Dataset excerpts
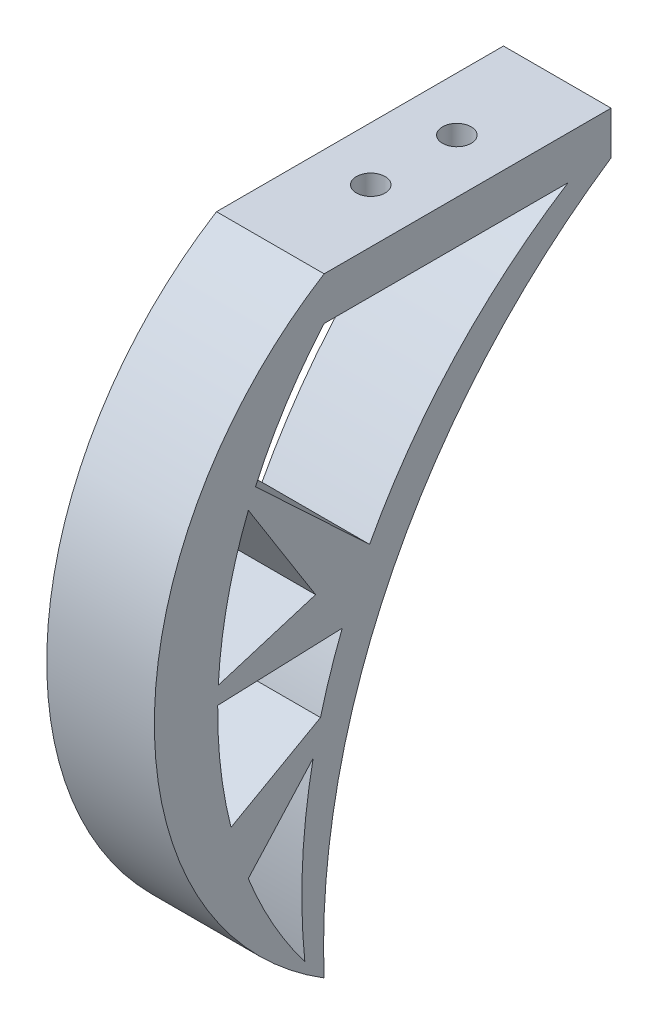
ISO-10303-21;
HEADER;
FILE_DESCRIPTION(('STEP AP214'),'2;1');
FILE_NAME('part.step','',(''),(''),'','','');
FILE_SCHEMA(('AUTOMOTIVE_DESIGN { 1 0 10303 214 1 1 1 1 }'));
ENDSEC;
DATA;
#1=APPLICATION_CONTEXT('core data for automotive mechanical design processes');
#2=APPLICATION_PROTOCOL_DEFINITION('international standard','automotive_design',2000,#1);
#3=PRODUCT_CONTEXT('',#1,'mechanical');
#4=PRODUCT('Part','Part','',(#3));
#5=PRODUCT_RELATED_PRODUCT_CATEGORY('part','',(#4));
#6=PRODUCT_DEFINITION_FORMATION('','',#4);
#7=PRODUCT_DEFINITION_CONTEXT('part definition',#1,'design');
#8=PRODUCT_DEFINITION('design','',#6,#7);
#9=PRODUCT_DEFINITION_SHAPE('','',#8);
#10=(LENGTH_UNIT() NAMED_UNIT(*) SI_UNIT(.MILLI.,.METRE.));
#11=(NAMED_UNIT(*) PLANE_ANGLE_UNIT() SI_UNIT($,.RADIAN.));
#12=(NAMED_UNIT(*) SI_UNIT($,.STERADIAN.) SOLID_ANGLE_UNIT());
#13=UNCERTAINTY_MEASURE_WITH_UNIT(LENGTH_MEASURE(1.E-05),#10,'distance_accuracy_value','');
#14=(GEOMETRIC_REPRESENTATION_CONTEXT(3) GLOBAL_UNCERTAINTY_ASSIGNED_CONTEXT((#13)) GLOBAL_UNIT_ASSIGNED_CONTEXT((#10,
#11,#12)) REPRESENTATION_CONTEXT('',''));
#15=CARTESIAN_POINT('',(0.,0.,0.));
#16=DIRECTION('',(0.,0.,1.));
#17=DIRECTION('',(1.,0.,0.));
#18=AXIS2_PLACEMENT_3D('',#15,#16,#17);
#19=CARTESIAN_POINT('',(15.,-39.5,-45.1635915312323));
#20=DIRECTION('',(-1.,0.,0.));
#21=DIRECTION('',(0.,0.,1.));
#22=AXIS2_PLACEMENT_3D('',#19,#20,#21);
#23=CYLINDRICAL_SURFACE('',#22,60.);
#24=DIRECTION('',(-1.,0.,0.));
#25=VECTOR('',#24,1.);
#26=CARTESIAN_POINT('',(15.,-17.2561392210041,10.5608255374518));
#27=LINE('',#26,#25);
#28=CARTESIAN_POINT('',(15.,-17.2561392210041,10.5608255374517));
#29=VERTEX_POINT('',#28);
#30=CARTESIAN_POINT('',(0.,-17.2561392210041,10.5608255374518));
#31=VERTEX_POINT('',#30);
#32=EDGE_CURVE('E283',#29,#31,#27,.T.);
#33=ORIENTED_EDGE('',*,*,#32,.F.);
#34=CARTESIAN_POINT('',(15.,-39.5,-45.1635915312323));
#35=DIRECTION('',(1.,0.,0.));
#36=DIRECTION('',(0.,0.,1.));
#37=AXIS2_PLACEMENT_3D('',#34,#35,#36);
#38=CIRCLE('',#37,60.);
#39=CARTESIAN_POINT('',(15.,-36.2880127135496,14.7503729317514));
#40=VERTEX_POINT('',#39);
#41=EDGE_CURVE('E221',#29,#40,#38,.T.);
#42=ORIENTED_EDGE('',*,*,#41,.T.);
#43=DIRECTION('',(-1.,0.,0.));
#44=VECTOR('',#43,1.);
#45=CARTESIAN_POINT('',(15.,-36.2880127135496,14.7503729317514));
#46=LINE('',#45,#44);
#47=CARTESIAN_POINT('',(0.,-36.2880127135496,14.7503729317514));
#48=VERTEX_POINT('',#47);
#49=EDGE_CURVE('E171',#48,#40,#46,.F.);
#50=ORIENTED_EDGE('',*,*,#49,.F.);
#51=CARTESIAN_POINT('',(0.,-39.5,-45.1635915312323));
#52=DIRECTION('',(1.,0.,0.));
#53=DIRECTION('',(0.,0.,1.));
#54=AXIS2_PLACEMENT_3D('',#51,#52,#53);
#55=CIRCLE('',#54,60.);
#56=EDGE_CURVE('E58',#31,#48,#55,.T.);
#57=ORIENTED_EDGE('',*,*,#56,.F.);
#58=EDGE_LOOP('',(#33,#42,#50,#57));
#59=FACE_BOUND('',#58,.T.);
#60=ADVANCED_FACE('F35',(#59),#23,.F.);
#61=DIRECTION('',(1.,0.,0.));
#62=VECTOR('',#61,1.);
#63=CARTESIAN_POINT('',(0.,-54.3296215570334,12.9748838914615));
#64=LINE('',#63,#62);
#65=CARTESIAN_POINT('',(0.,-54.3296215570334,12.9748838914615));
#66=VERTEX_POINT('',#65);
#67=CARTESIAN_POINT('',(15.,-54.3296215570334,12.9748838914615));
#68=VERTEX_POINT('',#67);
#69=EDGE_CURVE('E272',#66,#68,#64,.T.);
#70=ORIENTED_EDGE('',*,*,#69,.F.);
#71=CARTESIAN_POINT('',(0.,-38.6765079655165,14.8307570431888));
#72=VERTEX_POINT('',#71);
#73=EDGE_CURVE('E226',#72,#66,#55,.T.);
#74=ORIENTED_EDGE('',*,*,#73,.F.);
#75=DIRECTION('',(-1.,0.,0.));
#76=VECTOR('',#75,1.);
#77=CARTESIAN_POINT('',(15.,-38.6765079655165,14.8307570431888));
#78=LINE('',#77,#76);
#79=CARTESIAN_POINT('',(15.,-38.6765079655165,14.8307570431888));
#80=VERTEX_POINT('',#79);
#81=EDGE_CURVE('E189',#80,#72,#78,.T.);
#82=ORIENTED_EDGE('',*,*,#81,.F.);
#83=EDGE_CURVE('E222',#80,#68,#38,.T.);
#84=ORIENTED_EDGE('',*,*,#83,.T.);
#85=EDGE_LOOP('',(#70,#74,#82,#84));
#86=FACE_BOUND('',#85,.T.);
#87=ADVANCED_FACE('F334',(#86),#23,.F.);
#88=CARTESIAN_POINT('',(15.,-67.5284609681816,-76.894136653729));
#89=DIRECTION('',(-1.,0.,0.));
#90=DIRECTION('',(0.,0.,1.));
#91=AXIS2_PLACEMENT_3D('',#88,#89,#90);
#92=CYLINDRICAL_SURFACE('',#91,80.);
#93=DIRECTION('',(-1.,0.,0.));
#94=VECTOR('',#93,1.);
#95=CARTESIAN_POINT('',(15.,-47.3067647519929,0.507949895279358));
#96=LINE('',#95,#94);
#97=CARTESIAN_POINT('',(15.,-47.3067647519929,0.507949895279351));
#98=VERTEX_POINT('',#97);
#99=CARTESIAN_POINT('',(0.,-47.3067647519929,0.507949895279358));
#100=VERTEX_POINT('',#99);
#101=EDGE_CURVE('E43',#98,#100,#96,.T.);
#102=ORIENTED_EDGE('',*,*,#101,.F.);
#103=CARTESIAN_POINT('',(15.,-67.5284609681816,-76.894136653729));
#104=DIRECTION('',(-1.,0.,0.));
#105=DIRECTION('',(0.,0.,1.));
#106=AXIS2_PLACEMENT_3D('',#103,#104,#105);
#107=CIRCLE('',#106,80.);
#108=CARTESIAN_POINT('',(15.,-38.0360001224991,-2.52885743509172));
#109=VERTEX_POINT('',#108);
#110=EDGE_CURVE('E206',#98,#109,#107,.T.);
#111=ORIENTED_EDGE('',*,*,#110,.T.);
#112=DIRECTION('',(1.,0.,0.));
#113=VECTOR('',#112,1.);
#114=CARTESIAN_POINT('',(0.,-38.0360001224991,-2.52885743509172));
#115=LINE('',#114,#113);
#116=CARTESIAN_POINT('',(0.,-38.0360001224991,-2.52885743509172));
#117=VERTEX_POINT('',#116);
#118=EDGE_CURVE('E172',#117,#109,#115,.T.);
#119=ORIENTED_EDGE('',*,*,#118,.F.);
#120=CARTESIAN_POINT('',(0.,-67.5284609681816,-76.894136653729));
#121=DIRECTION('',(-1.,0.,0.));
#122=DIRECTION('',(0.,0.,1.));
#123=AXIS2_PLACEMENT_3D('',#120,#121,#122);
#124=CIRCLE('',#123,80.);
#125=EDGE_CURVE('E188',#100,#117,#124,.T.);
#126=ORIENTED_EDGE('',*,*,#125,.F.);
#127=EDGE_LOOP('',(#102,#111,#119,#126));
#128=FACE_BOUND('',#127,.T.);
#129=ADVANCED_FACE('F331',(#128),#92,.T.);
#130=DIRECTION('',(-1.,0.,0.));
#131=VECTOR('',#130,1.);
#132=CARTESIAN_POINT('',(15.,-61.71787157674,10.5711927834081));
#133=LINE('',#132,#131);
#134=CARTESIAN_POINT('',(15.,-61.71787157674,10.5711927834081));
#135=VERTEX_POINT('',#134);
#136=CARTESIAN_POINT('',(0.,-61.71787157674,10.5711927834081));
#137=VERTEX_POINT('',#136);
#138=EDGE_CURVE('E275',#135,#137,#133,.T.);
#139=ORIENTED_EDGE('',*,*,#138,.F.);
#140=CARTESIAN_POINT('',(15.,-75.6974368613785,2.68769439366752));
#141=VERTEX_POINT('',#140);
#142=EDGE_CURVE('E218',#135,#141,#38,.T.);
#143=ORIENTED_EDGE('',*,*,#142,.T.);
#144=DIRECTION('',(-1.,0.,0.));
#145=VECTOR('',#144,1.);
#146=CARTESIAN_POINT('',(15.,-75.6974368613785,2.68769439366752));
#147=LINE('',#146,#145);
#148=CARTESIAN_POINT('',(0.,-75.6974368613785,2.68769439366752));
#149=VERTEX_POINT('',#148);
#150=EDGE_CURVE('E212',#141,#149,#147,.T.);
#151=ORIENTED_EDGE('',*,*,#150,.T.);
#152=EDGE_CURVE('E224',#137,#149,#55,.T.);
#153=ORIENTED_EDGE('',*,*,#152,.F.);
#154=EDGE_LOOP('',(#139,#143,#151,#153));
#155=FACE_BOUND('',#154,.T.);
#156=ADVANCED_FACE('F328',(#155),#23,.F.);
#157=DIRECTION('',(1.,0.,0.));
#158=VECTOR('',#157,1.);
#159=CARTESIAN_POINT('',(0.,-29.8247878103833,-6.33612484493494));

▶ **Directions for this task**
Word for word, restate the lines above from the line containing "#94=VECTOR('',#93,1.);" through the line containing "#147=LINE('',#146,#145);", with both included and nothing else.

▶ **Answer for this exercise**
#94=VECTOR('',#93,1.);
#95=CARTESIAN_POINT('',(15.,-47.3067647519929,0.507949895279358));
#96=LINE('',#95,#94);
#97=CARTESIAN_POINT('',(15.,-47.3067647519929,0.507949895279351));
#98=VERTEX_POINT('',#97);
#99=CARTESIAN_POINT('',(0.,-47.3067647519929,0.507949895279358));
#100=VERTEX_POINT('',#99);
#101=EDGE_CURVE('E43',#98,#100,#96,.T.);
#102=ORIENTED_EDGE('',*,*,#101,.F.);
#103=CARTESIAN_POINT('',(15.,-67.5284609681816,-76.894136653729));
#104=DIRECTION('',(-1.,0.,0.));
#105=DIRECTION('',(0.,0.,1.));
#106=AXIS2_PLACEMENT_3D('',#103,#104,#105);
#107=CIRCLE('',#106,80.);
#108=CARTESIAN_POINT('',(15.,-38.0360001224991,-2.52885743509172));
#109=VERTEX_POINT('',#108);
#110=EDGE_CURVE('E206',#98,#109,#107,.T.);
#111=ORIENTED_EDGE('',*,*,#110,.T.);
#112=DIRECTION('',(1.,0.,0.));
#113=VECTOR('',#112,1.);
#114=CARTESIAN_POINT('',(0.,-38.0360001224991,-2.52885743509172));
#115=LINE('',#114,#113);
#116=CARTESIAN_POINT('',(0.,-38.0360001224991,-2.52885743509172));
#117=VERTEX_POINT('',#116);
#118=EDGE_CURVE('E172',#117,#109,#115,.T.);
#119=ORIENTED_EDGE('',*,*,#118,.F.);
#120=CARTESIAN_POINT('',(0.,-67.5284609681816,-76.894136653729));
#121=DIRECTION('',(-1.,0.,0.));
#122=DIRECTION('',(0.,0.,1.));
#123=AXIS2_PLACEMENT_3D('',#120,#121,#122);
#124=CIRCLE('',#123,80.);
#125=EDGE_CURVE('E188',#100,#117,#124,.T.);
#126=ORIENTED_EDGE('',*,*,#125,.F.);
#127=EDGE_LOOP('',(#102,#111,#119,#126));
#128=FACE_BOUND('',#127,.T.);
#129=ADVANCED_FACE('F331',(#128),#92,.T.);
#130=DIRECTION('',(-1.,0.,0.));
#131=VECTOR('',#130,1.);
#132=CARTESIAN_POINT('',(15.,-61.71787157674,10.5711927834081));
#133=LINE('',#132,#131);
#134=CARTESIAN_POINT('',(15.,-61.71787157674,10.5711927834081));
#135=VERTEX_POINT('',#134);
#136=CARTESIAN_POINT('',(0.,-61.71787157674,10.5711927834081));
#137=VERTEX_POINT('',#136);
#138=EDGE_CURVE('E275',#135,#137,#133,.T.);
#139=ORIENTED_EDGE('',*,*,#138,.F.);
#140=CARTESIAN_POINT('',(15.,-75.6974368613785,2.68769439366752));
#141=VERTEX_POINT('',#140);
#142=EDGE_CURVE('E218',#135,#141,#38,.T.);
#143=ORIENTED_EDGE('',*,*,#142,.T.);
#144=DIRECTION('',(-1.,0.,0.));
#145=VECTOR('',#144,1.);
#146=CARTESIAN_POINT('',(15.,-75.6974368613785,2.68769439366752));
#147=LINE('',#146,#145);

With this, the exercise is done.